Луиза рассказывала, что когда однажды она увидела по телевидению ужасающие кадры в станице Камышеватской, где в ночном пламени, мгновенно охватившем ветхое здание стариковского приюта, погибли десятки немощных постояльцев, у неё буквально оборвалось сердце, и не только от пожара.

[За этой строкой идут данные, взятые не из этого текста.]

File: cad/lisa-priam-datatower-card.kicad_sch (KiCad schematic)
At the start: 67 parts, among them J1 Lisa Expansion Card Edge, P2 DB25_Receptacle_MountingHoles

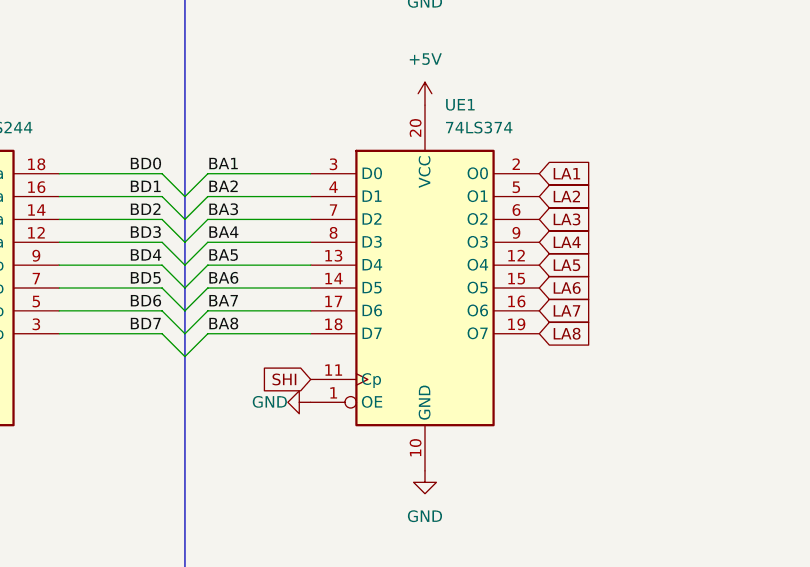
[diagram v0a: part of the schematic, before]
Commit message: Correction: LA6 changed to LAA on LS374
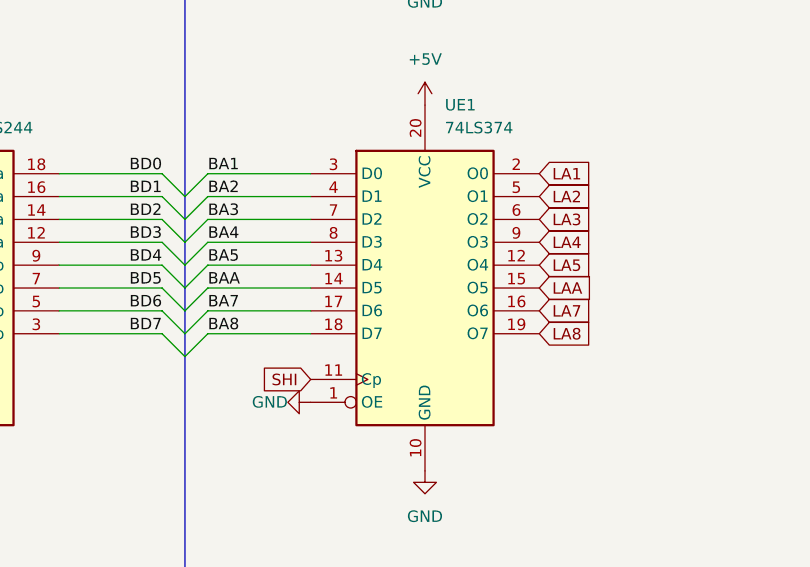
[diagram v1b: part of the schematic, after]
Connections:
- net LA6 is gone; now on net LAA: UE1.15 (O5)
- net BA6: no longer UE1.14 (D5)
- net BAA: now also UE1.14 (D5)
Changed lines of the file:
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@@
     (effects (font (size 1.27 1.27)) (justify left bottom))
   )
-  (label "BA6" (at 466.09 187.96 0) (fields_autoplaced)
+  (label "BAA" (at 466.09 187.96 0) (fields_autoplaced)
     (effects (font (size 1.27 1.27)) (justify left bottom))
   )
@@
     )
   )
-  (global_label "LA6" (shape input) (at 502.92 187.96 0) (fields_autoplaced)
-    (effects (font (size 1.27 1.27)) (justify left))
-    (property "Intersheetrefs" "${INTERSHEET_REFS}" (at 509.2314 187.96 0)
-      (effects (font (size 1.27 1.27)) (justify left) hide)
-    )
+  (global_label "LAA" (shape input) (at 502.92 187.96 0) (fields_autoplaced)
+    (effects (font (size 1.27 1.27)) (justify left))
+    (property "Intersheetrefs" "${INTERSHEET_REFS}" (at 509.1105 187.96 0)
+      (effects (font (size 1.27 1.27)) (justify left) hide)
+    )
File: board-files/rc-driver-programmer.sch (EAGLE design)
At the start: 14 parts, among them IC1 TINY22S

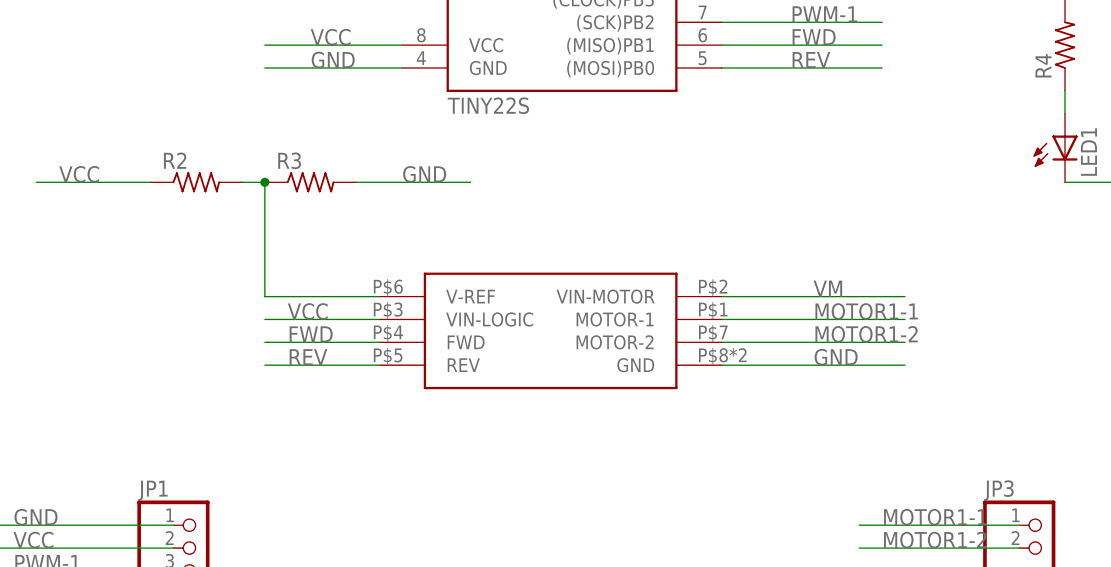
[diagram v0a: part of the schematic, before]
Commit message: Adding RC net to VREF. Creating gerbers for plain board.
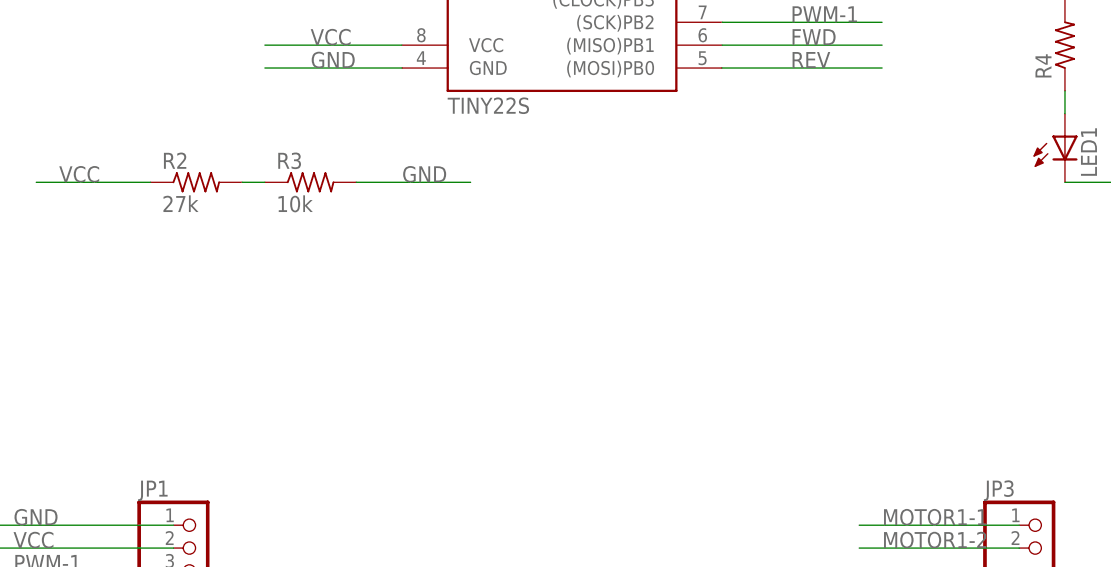
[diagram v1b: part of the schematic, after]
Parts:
- removed U$1: ZXBM5210-MOTOR-DRIVER, mgregg:ZXBM5210-MOTOR-DRIVER
- R2: value (none) -> 27k
- R3: value (none) -> 10k
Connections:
- removed net N$1: R2.2, R3.1, U$1.V-REF
- new net N$4: R2.2, R3.1
- net FWD: no longer U$1.FWD
- net GND: no longer U$1.GND
- net MOTOR1-1: no longer U$1.MOTOR-1
- net MOTOR1-2: no longer U$1.MOTOR-2
- net REV: no longer U$1.REV
- net VCC: no longer U$1.VIN-LOGIC
- net VM: no longer U$1.VIN-MOTOR
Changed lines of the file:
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@@
 <part name="JP1" library="pinhead" deviceset="PINHD-1X3" device=""/>
 <part name="JP3" library="pinhead" deviceset="PINHD-1X2" device=""/>
-<part name="U$1" library="mgregg" deviceset="ZXBM5210-MOTOR-DRIVER" device=""/>
 <part name="IC1" library="mgregg" deviceset="TINY22" device="S"/>
 <part name="THERM1" library="resistor" deviceset="R-US_" device="R0603" value="4.7k"/>
 <part name="R1" library="resistor" deviceset="R-US_" device="R0603" value="20k"/>
-<part name="R2" library="resistor" deviceset="R-US_" device="R0603"/>
-<part name="R3" library="resistor" deviceset="R-US_" device="R0603"/>
+<part name="R2" library="resistor" deviceset="R-US_" device="R0603" value="27k"/>
+<part name="R3" library="resistor" deviceset="R-US_" device="R0603" value="10k"/>
 <part name="R4" library="resistor" deviceset="R-US_" device="R0603"/>
 <part name="LED1" library="led" deviceset="LED" device="CHIP-LED0603"/>
@@
 <instance part="JP1" gate="A" x="-40.64" y="-2.54"/>
 <instance part="JP3" gate="G$1" x="53.34" y="-2.54"/>
-<instance part="U$1" gate="G$1" x="-2.54" y="22.86"/>
 <instance part="IC1" gate="G$1" x="0" y="55.88"/>
 <instance part="THERM1" gate="G$1" x="-40.64" y="76.2"/>
@@
 </segment>
 <segment>
-<pinref part="U$1" gate="G$1" pin="GND"/>
-<wire x1="17.78" y1="17.78" x2="38.1" y2="17.78" width="0.1524" layer="91"/>
-<label x="27.94" y="17.78" size="1.778" layer="95"/>
-</segment>
-<segment>
 <pinref part="R1" gate="G$1" pin="2"/>
 <wire x1="-22.86" y1="76.2" x2="-10.16" y2="76.2" width="0.1524" layer="91"/>
@@
 </segment>
 <segment>
-<pinref part="U$1" gate="G$1" pin="VIN-MOTOR"/>
-<wire x1="17.78" y1="25.4" x2="38.1" y2="25.4" width="0.1524" layer="91"/>
-<label x="27.94" y="25.4" size="1.778" layer="95"/>
-</segment>
-<segment>
 <pinref part="JP2" gate="G$1" pin="1"/>
 <wire x1="20.32" y1="-15.24" x2="-2.54" y2="-15.24" width="0.1524" layer="91"/>
@@
 </segment>
 <segment>
-<pinref part="U$1" gate="G$1" pin="VIN-LOGIC"/>
-<wire x1="-20.32" y1="22.86" x2="-33.02" y2="22.86" width="0.1524" layer="91"/>
-<label x="-30.48" y="22.86" size="1.778" layer="95"/>
-</segment>
-<segment>
 <pinref part="THERM1" gate="G$1" pin="1"/>
 <wire x1="-45.72" y1="76.2" x2="-55.88" y2="76.2" width="0.1524" layer="91"/>
@@
 <label x="35.56" y="-2.54" size="1.778" layer="95"/>
 </segment>
-<segment>
-<pinref part="U$1" gate="G$1" pin="MOTOR-2"/>
-<wire x1="17.78" y1="20.32" x2="38.1" y2="20.32" width="0.1524" layer="91"/>
-<label x="27.94" y="20.32" size="1.778" layer="95"/>
-</segment>
 </net>
 <net name="MOTOR1-1" class="0">
@@
 <label x="35.56" y="0" size="1.778" layer="95"/>
 </segment>
-<segment>
-<pinref part="U$1" gate="G$1" pin="MOTOR-1"/>
-<wire x1="17.78" y1="22.86" x2="38.1" y2="22.86" width="0.1524" layer="91"/>
-<label x="27.94" y="22.86" size="1.778" layer="95"/>
-</segment>
 </net>
 <net name="REV" class="0">
-<segment>
-<pinref part="U$1" gate="G$1" pin="REV"/>
-<wire x1="-20.32" y1="17.78" x2="-33.02" y2="17.78" width="0.1524" layer="91"/>
-<label x="-30.48" y="17.78" size="1.778" layer="95"/>
-</segment>
 <segment>
 <pinref part="IC1" gate="G$1" pin="(MOSI)PB0"/>
@@
 </net>
 <net name="FWD" class="0">
-<segment>
-<pinref part="U$1" gate="G$1" pin="FWD"/>
-<wire x1="-20.32" y1="20.32" x2="-33.02" y2="20.32" width="0.1524" layer="91"/>
-<label x="-30.48" y="20.32" size="1.778" layer="95"/>
-</segment>
 <segment>
 <pinref part="IC1" gate="G$1" pin="(MISO)PB1"/>
@@
 </segment>
 </net>
-<net name="N$1" class="0">
-<segment>
-<pinref part="U$1" gate="G$1" pin="V-REF"/>
-<pinref part="R3" gate="G$1" pin="1"/>
-<wire x1="-20.32" y1="25.4" x2="-33.02" y2="25.4" width="0.1524" layer="91"/>
-<wire x1="-33.02" y1="25.4" x2="-33.02" y2="38.1" width="0.1524" layer="91"/>
-<pinref part="R2" gate="G$1" pin="2"/>
-<wire x1="-33.02" y1="38.1" x2="-35.56" y2="38.1" width="0.1524" layer="91"/>
-<junction x="-33.02" y="38.1"/>
-</segment>
-</net>
 <net name="N$2" class="0">
 <segment>
@@
 </segment>
 </net>
+<net name="N$4" class="0">
+<segment>
+<pinref part="R2" gate="G$1" pin="2"/>
+<pinref part="R3" gate="G$1" pin="1"/>
+<wire x1="-33.02" y1="38.1" x2="-35.56" y2="38.1" width="0.1524" layer="91"/>
+</segment>
+</net>

Дело в том, что в одном из угарных эпизодов она увидела сына, худого, почерневшего, совсем не похожего на того Мурата, который ослепительной улыбкой заставлял оттаивать любую душу. Луиза схватилась за сердце – сын только-только вернулся с очередной тяжёлой операции и вместо того, чтобы лежать под капельницей, стоит вот тут, посреди подавленной горем толпы, ещё более истощённый, заросший, с ввалившимися щеками, с тоской и видимой болью в глазах, размахивая руками, что-то говорит, говорит…
Через три дня он появился дома, измученный и до предела уставший:
– Ты даже не представляешь, мама, что мне пришлось пережить! Пожар – это, конечно, страшно! Но ещё страшнее другое – ведь некоторых из этих обездоленных стариков родственники не навещали десятки лет, а прослышав о материальной помощи, что положена в таких случаях, тут же слетелись, как вороньё… Понятно, что лично им помогать никто не собирается, что сразу внятно объяснили. И что ты думаешь? Они тут же развернулись и демонстративно уехали, не дождавшись даже похорон… Боже мой! Что творится в этом мире… Почему алчность разъедает душу, как саркома… Разве можно жить с таким грузом?.. У них же дети, даже внуки. Они смотрят и выводы делают…
Мурат в тот вечер долго молча сидел, погрузившись в полутьму от напольного торшера. Сидел и думал. О чём? О личных своих невзгодах, обрушившихся вдруг нежданно-негаданно совсем не из ожидаемого угла? Только он один знал, чего стоило ему, ещё недавно крепкому и сильному, не знающему даже лёгкой простуды, противостоять страшной болезни…
Нет, он почти никогда не обсуждал свою личную драму, будучи уверенным, что обязательно выкарабкается из самых сложных положений. Так и было бы! Но судьба его, пришедшаяся на время, когда многие стали терять основополагающие скрепы духовной наполненности, оказалась значительно труднее, чем ожидал Мурат, воспитанный совсем в иной среде. Но несмотря ни на что, он никогда не уходил в сторону от этих и любых других сложностей, всегда следуя основному, сделанному однажды и навсегда выбору – служить людям. Служить, несмотря ни на что…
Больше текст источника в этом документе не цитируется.